Programmatic Event Capture

You can start the event dumper programmatically within your own scripts using the evdump function from celery.events.dumper.

from celery import Celery
from celery.events.dumper import evdump

app = Celery('my_app')

# This will block and print events to sys.stdout
evdump(app=app)

The evdump function handles connection management, including automatic reconnection logic if the broker connection is lost.

Using the Dumper Class for Custom Streams

If you need to redirect event output to something other than stdout (e.g., a file or a memory buffer), use the Dumper class directly.

import io
from celery.events.dumper import Dumper

# Capture events into a string buffer
output_buffer = io.StringIO()
dumper = Dumper(out=output_buffer)

# Example event dictionary
event = {
'hostname': 'worker1.example.com',
'timestamp': 1704110400.0,
'type': 'worker-online',
'sw_ident': 'py-celery',
'sw_ver': '5.3.0',
}

# Process the event
dumper.on_event(event)

print(output_buffer.getvalue())
# Output: worker1.example.com [2024-01-01 12:00:00+00:00] started: sw_ident=py-celery, sw_ver=5.3.0

How Event Formatting Works

The Dumper performs several transformations to make raw events human-readable:

  1. Type Humanization: Internal event types are mapped to friendly names via humanize_type. For example, worker-online becomes started and worker-offline becomes shutdown.
  2. Task Metadata Tracking: The dumper uses a global LRUCache named TASK_NAMES (defined in celery/events/dumper.py with a limit of 4095 entries) to remember task names and arguments.
    • When a task-received or task-sent event arrives, the dumper stores the task name, UUID, args, and kwargs in the cache.
    • Subsequent events for that task (like task-started or task-succeeded) retrieve this metadata from the cache so the output remains descriptive.
  3. Automatic Flushing: The Dumper.say method calls self.out.flush() after every message. This ensures that if you pipe the output to another utility (like grep), the data appears immediately.

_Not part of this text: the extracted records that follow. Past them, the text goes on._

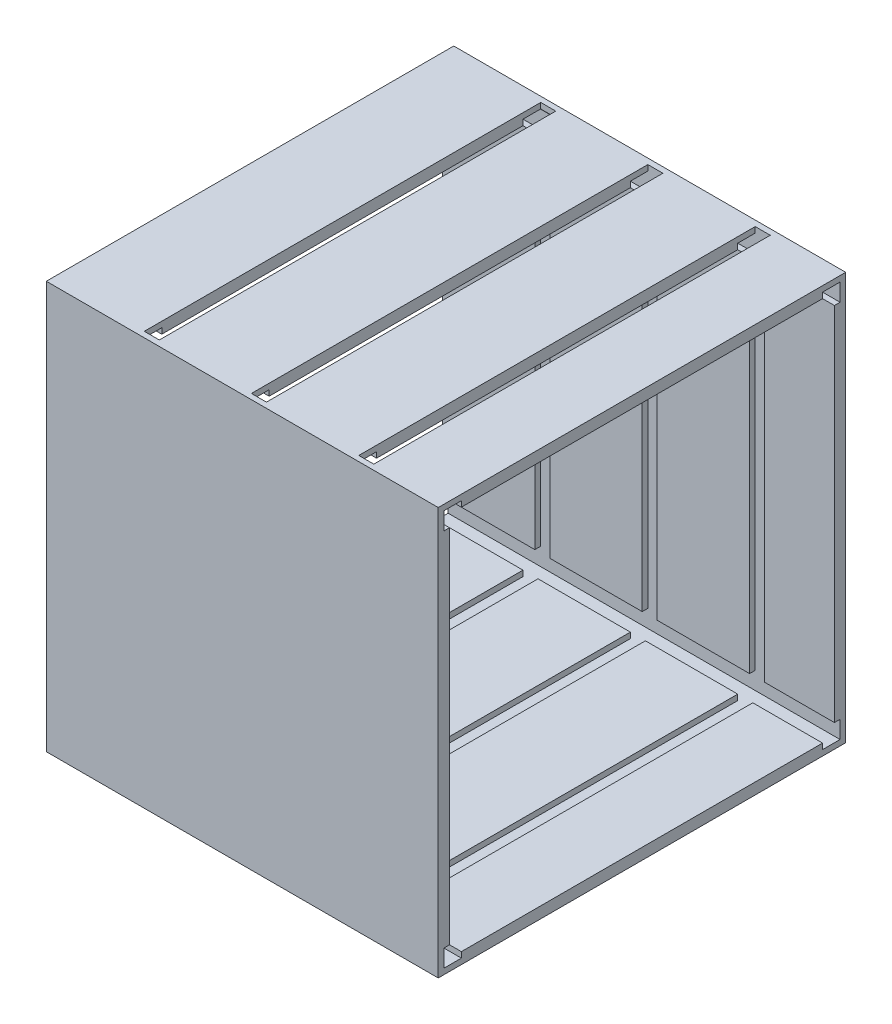
SolidWorks part; units mm, degrees
ref_plane "Front Plane" through (0, 0, 0) normal (0, 0, 1) x (1, 0, 0)
ref_plane "Top Plane" through (0, 0, 0) normal (0, 1, 0) x (1, 0, 0)
ref_plane "Right Plane" through (0, 0, 0) normal (1, 0, 0) x (0, 0, -1)
sketch "Sketch1" plane through (0, 0, 0) normal (1, 0, 0) x (0, 0, -1)
  line L1 (0, 0) -> (688.1, 0)
  line L2 (0, 0) -> (0, 688.1)
  line L3 (0, 688.1) -> (688.1, 688.1)
  line L4 (688.1, 0) -> (688.1, 688.1)
  line L5 (0, 0) -> (19.05, 0) construction
  line L6 (0, 0) -> (0, 19.05) construction
  line L7 (0, 19.05) -> (19.05, 19.05) construction
  line L8 (19.05, 0) -> (19.05, 19.05) construction
  line L9 (19.05, 19.05) -> (669.05, 19.05)
  line L10 (19.05, 19.05) -> (19.05, 669.05)
  line L11 (19.05, 669.05) -> (669.05, 669.05)
  line L12 (669.05, 19.05) -> (669.05, 669.05)
  dimension "D1" = 688.1
  dimension "D2" = 688.1
  dimension "D3" = 19.05
  dimension "D4" = 19.05
  dimension "D5" = 650
  dimension "D6" = 650
extrude "Boss-Extrude1" add sketch "Sketch1" along normal blind 661.9 contours L10 L11 L12 L9 | L2 L3 L4 L1
sketch "Sketch3" plane through (0, 0, -669.05) normal (0, 0, 1) x (1, 0, 0)
  line L1 (0, 669.05) -> (155.95, 669.05) construction
  line L2 (0, 669.05) -> (0, 19.05) construction
  line L3 (0, 19.05) -> (155.95, 19.05) construction
  line L4 (155.95, 669.05) -> (155.95, 19.05) construction
  line L5 (155.95, 669.05) -> (181.35, 669.05)
  line L6 (155.95, 669.05) -> (155.95, 19.05)
  line L7 (155.95, 19.05) -> (181.35, 19.05)
  line L8 (181.35, 669.05) -> (181.35, 19.05)
  line L9 (337.3, 669.05) -> (362.7, 669.05)
  line L10 (337.3, 669.05) -> (337.3, 19.05)
  line L11 (337.3, 19.05) -> (362.7, 19.05)
  line L12 (362.7, 669.05) -> (362.7, 19.05)
  line L13 (518.65, 669.05) -> (544.05, 669.05)
  line L14 (518.65, 669.05) -> (518.65, 19.05)
  line L15 (518.65, 19.05) -> (544.05, 19.05)
  line L16 (544.05, 669.05) -> (544.05, 19.05)
  line L17 (661.9, 688.1) -> (0, 688.1) construction
  point P15 (350, 669.05)
  dimension "D1" = 155.95
  dimension "D2" = 650
  dimension "D3" = 25.4
  dimension "D4" = 25.4
  dimension "D5" = 650
  dimension "D6" = 155.95
  dimension "D7" = 25.4
  dimension "D8" = 650
  dimension "D9" = 155.95
  dimension "D10" = 19.05
  dimension "D11" = 19.05
extrude "Cut-Extrude1" cut sketch "Sketch3" against normal blind 9.525
ref_plane "Plane1" through (0, 0, -344.05) normal (0, 0, -1) x (-1, 0, 0)
mirror "Mirror2" about plane through (0, 0, -344.05) normal (0, 0, -1) of "Cut-Extrude1"
ref_plane "Plane2" through (0, 344.05, 0) normal (0, 1, 0) x (1, 0, 0)
sketch "Sketch4" plane through (0, 19.05, 0) normal (0, 1, 0) x (1, 0, 0)
  line L0 (661.9, 688.1) -> (0, 688.1) construction
  line L1 (155.95, 678.575) -> (181.35, 678.575)
  line L2 (155.95, 678.575) -> (155.95, 9.075)
  line L3 (155.95, 9.075) -> (181.35, 9.075)
  line L4 (181.35, 678.575) -> (181.35, 9.075)
  line L5 (0, 0) -> (0, 688.1) construction
  line L6 (661.9, 0) -> (0, 0) construction
  line L7 (337.3, 678.575) -> (362.7, 678.575)
  line L8 (337.3, 678.575) -> (337.3, 9.075)
  line L9 (337.3, 9.075) -> (362.7, 9.075)
  line L10 (362.7, 678.575) -> (362.7, 9.075)
  line L11 (518.65, 678.575) -> (544.05, 678.575)
  line L12 (518.65, 678.575) -> (518.65, 9.525)
  line L13 (518.65, 9.525) -> (544.05, 9.525)
  line L14 (544.05, 678.575) -> (544.05, 9.525)
  dimension "D1" = 25.4
  dimension "D2" = 669.5
  dimension "D3" = 9.525
  dimension "D4" = 155.95
  dimension "D5" = 669.5
  dimension "D6" = 25.4
  dimension "D7" = 9.525
  dimension "D8" = 155.95
  dimension "D9" = 25.4
  dimension "D10" = 155.95
  dimension "D11" = 9.525
  dimension "D12" = 9.525
extrude "Cut-Extrude3" cut sketch "Sketch4" against normal blind 9.525
mirror "Mirror4" about plane through (0, 344.05, 0) normal (0, 1, 0) of "Cut-Extrude3"
sketch "Sketch6" plane through (0, 688.1, 0) normal (0, 1, 0) x (1, 0, 0)
  line L0 (0, 0) -> (0, 688.1) construction
  line L1 (155.95, 679.025) -> (181.35, 679.025)
  line L2 (155.95, 679.025) -> (155.95, 9.525)
  line L3 (155.95, 9.525) -> (181.35, 9.525)
  line L4 (181.35, 679.025) -> (181.35, 9.525)
  line L5 (337.3, 678.575) -> (362.7, 678.575)
  line L6 (337.3, 678.575) -> (337.3, 9.075)
  line L7 (337.3, 9.075) -> (362.7, 9.075)
  line L8 (362.7, 678.575) -> (362.7, 9.075)
  line L9 (518.65, 678.575) -> (544.05, 678.575)
  line L10 (518.65, 678.575) -> (518.65, 9.075)
  line L11 (518.65, 9.075) -> (544.05, 9.075)
  line L12 (544.05, 678.575) -> (544.05, 9.075)
  line L13 (661.9, 0) -> (0, 0) construction
  line L14 (661.9, 688.1) -> (0, 688.1) construction
  dimension "D1" = 669.5
  dimension "D2" = 25.4
  dimension "D3" = 155.95
  dimension "D4" = 9.525
  dimension "D5" = 25.4
  dimension "D6" = 669.5
  dimension "D7" = 9.525
  dimension "D8" = 155.95
  dimension "D9" = 25.4
  dimension "D10" = 669.5
  dimension "D11" = 9.525
  dimension "D12" = 155.95
extrude "Cut-Extrude4" cut sketch "Sketch6" against normal blind 9.525
sketch "Sketch7" plane through (0, 0, 0) normal (-1, 0, 0) x (0, 0, 1)
  line L0 (-19.05, 39.05) -> (-9.525, 39.05)
  line L1 (-19.05, 19.05) -> (-19.05, 669.05) construction
  line L2 (-9.525, 39.05) -> (-9.525, 9.525)
  line L3 (-9.525, 9.525) -> (-39.05, 9.525)
  line L4 (-39.05, 9.525) -> (-39.05, 19.05)
  line L5 (-19.05, 19.05) -> (-669.05, 19.05) construction
  line L6 (-39.05, 19.05) -> (-19.05, 19.05)
  line L7 (-19.05, 19.05) -> (-19.05, 39.05)
  dimension "D1" = 9.525
  dimension "D2" = 20
  dimension "D3" = 20
  dimension "D4" = 9.525
extrude "Cut-Extrude5" cut sketch "Sketch7" against normal blind 700
mirror "Mirror5" about plane through (0, 0, -344.05) normal (0, 0, -1) of "Cut-Extrude5"
mirror "Mirror6" about plane through (0, 344.05, 0) normal (0, 1, 0) of "Mirror5"

Troubleshooting and Limitations

Missing Task Names and Arguments

If you see task events that only show the UUID without the task name or arguments, it is usually due to one of two reasons:

  • Cache Eviction: The TASK_NAMES cache has reached its 4095-entry limit, and the metadata for that task was evicted.
  • Missed Events: The dumper was not running when the task-received or task-sent event occurred, so it never captured the metadata.

In-place Dictionary Modification

The Dumper.on_event method is destructive. It uses .pop() to extract fields like timestamp, type, and hostname from the event dictionary.

# WARNING: This will modify the 'event' dictionary
dumper.on_event(event)

# 'type' and 'timestamp' are now missing from 'event'
assert 'type' not in event

If you need to use the event dictionary after passing it to the dumper, pass a copy instead: dumper.on_event(event.copy()).

Connection Errors

When using evdump, connection errors are caught and reported to the output stream. The utility will attempt to reconnect indefinitely, using humanize_seconds to display the retry interval.